[MERGE][1.0] Graph.heads() optimization... Now 1770x
Aaron Bentley
aaron.bentley at utoronto.ca
Tue Dec 18 03:26:16 GMT 2007
-----BEGIN PGP SIGNED MESSAGE-----
Hash: SHA1
John Arbash Meinel wrote:
Sorry to take so long getting to this review. This graph stuff is
always challenging for me.
> So I went ahead and change the functions so that step() actually takes a
> dictionary of parents that it is going to care about. And made
> "preload_parents" just a member of Graph.
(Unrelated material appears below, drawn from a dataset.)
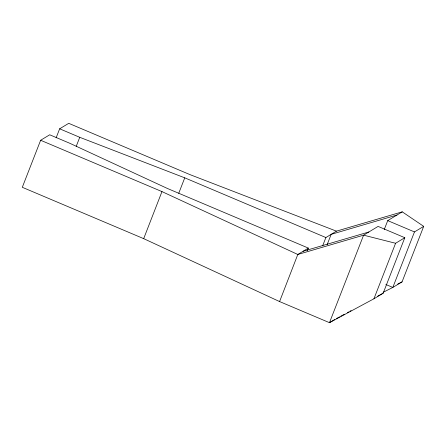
<?xml version="1.0" encoding="UTF-8"?>
<svg xmlns="http://www.w3.org/2000/svg" width="446" height="446" viewBox="0 0 446 446"><rect width="100%" height="100%" fill="white"/><g stroke="black" fill="none" stroke-linecap="round" stroke-linejoin="round"><path stroke-width="0.67" d="M279.581 301.563L297.8 254.482L308.364 248.093L167.256 188.402L69.81 143.283L49.712 134.787L40.636 140.267L22.3 187.298L143.684 238.649L279.581 301.563L329.471 322.67L373.938 298.781L383.159 293.217L404.801 237.707L378.097 226.406L363.596 235.165L297.8 254.482L161.97 191.596L40.636 140.267M307.366 250.674L308.364 248.093M143.684 238.649L161.97 191.596M178.734 193.302L184.755 177.837L79.745 137.307L59.652 128.805L56.135 137.825M76.233 146.327L79.745 137.307M322.62 245.919L325.887 237.54L336.451 231.151L402.247 211.844L423.7 226.356L402.063 281.861L392.826 287.436L383.03 292.37M327.147 244.653L331.166 234.345L396.957 215.039L402.247 211.844M384.207 229.651L387.73 220.614L396.957 215.039M373.938 298.781L395.585 243.271L404.801 237.707M423.7 226.356L414.468 231.926L392.826 287.436L385.823 284.476M59.652 128.805L68.729 123.33L190.035 174.642L336.451 231.151M334.751 319.481L329.471 322.67L363.596 235.165L395.585 243.271M336.568 318.5L339.59 316.855M340.8 316.197L344.435 314.229M347.456 312.59L348.666 311.932M349.876 311.275L351.086 310.617M377.712 296.172L383.159 293.217M397.743 284.085L402.063 281.861M303.085 251.288L368.87 231.981M387.73 220.614L414.468 231.926M184.755 177.837L325.887 237.54"/></g></svg>

Which allows me to make it private,
> and doesn't involve running into a bzr-svn implementation that isn't providing it.
It would be great if you could rename that to something clearer, like
get_parents_map
> The reason the original code couldn't was because _BreadthFirstSearcher was
> defined as an iterator, and there was nowhere you could supply a parameter. But
> making "step()" a separate function it was easy to do, I just needed to take
> that step.
That looks like a reasonable change.
=== modified file 'bzrlib/graph.py'
- --- bzrlib/graph.py 2007-12-04 00:34:34 +0000
+++ bzrlib/graph.py 2007-12-07 20:10:53 +0000
@@ -88,6 +88,51 @@
return [found.get(r, None) for r in revision_ids]
+class CachingParentsProvider(object):
+ """A parents provider which will cache the revision => parents in a
dict.
+
+ This is useful for providers that have an expensive lookup.
+ """
+
+ def __init__(self, parent_provider):
+ self._real_provider = parent_provider
+ # Theoretically we could use an LRUCache here
+ self._cache = {}
+
+ def __repr__(self):
+ return "%s(%r)" % (self.__class__.__name__, self._real_provider)
+
+ def get_parents(self, revision_ids):
+ """Find revision ids of the parents of a list of revisions
+
+ A list is returned of the same length as the input. Each entry
+ is a list of parent ids for the corresponding input revision.
+
+ [NULL_REVISION] is used as the parent of the first user-committed
+ revision. Its parent list is empty.
+
+ If the revision is not present (i.e. a ghost), None is used in
place
+ of the list of parents.
+ """
+ needed = set()
^^^ I think this docstring should just reference the
StackedParentsProvider one, like the others do.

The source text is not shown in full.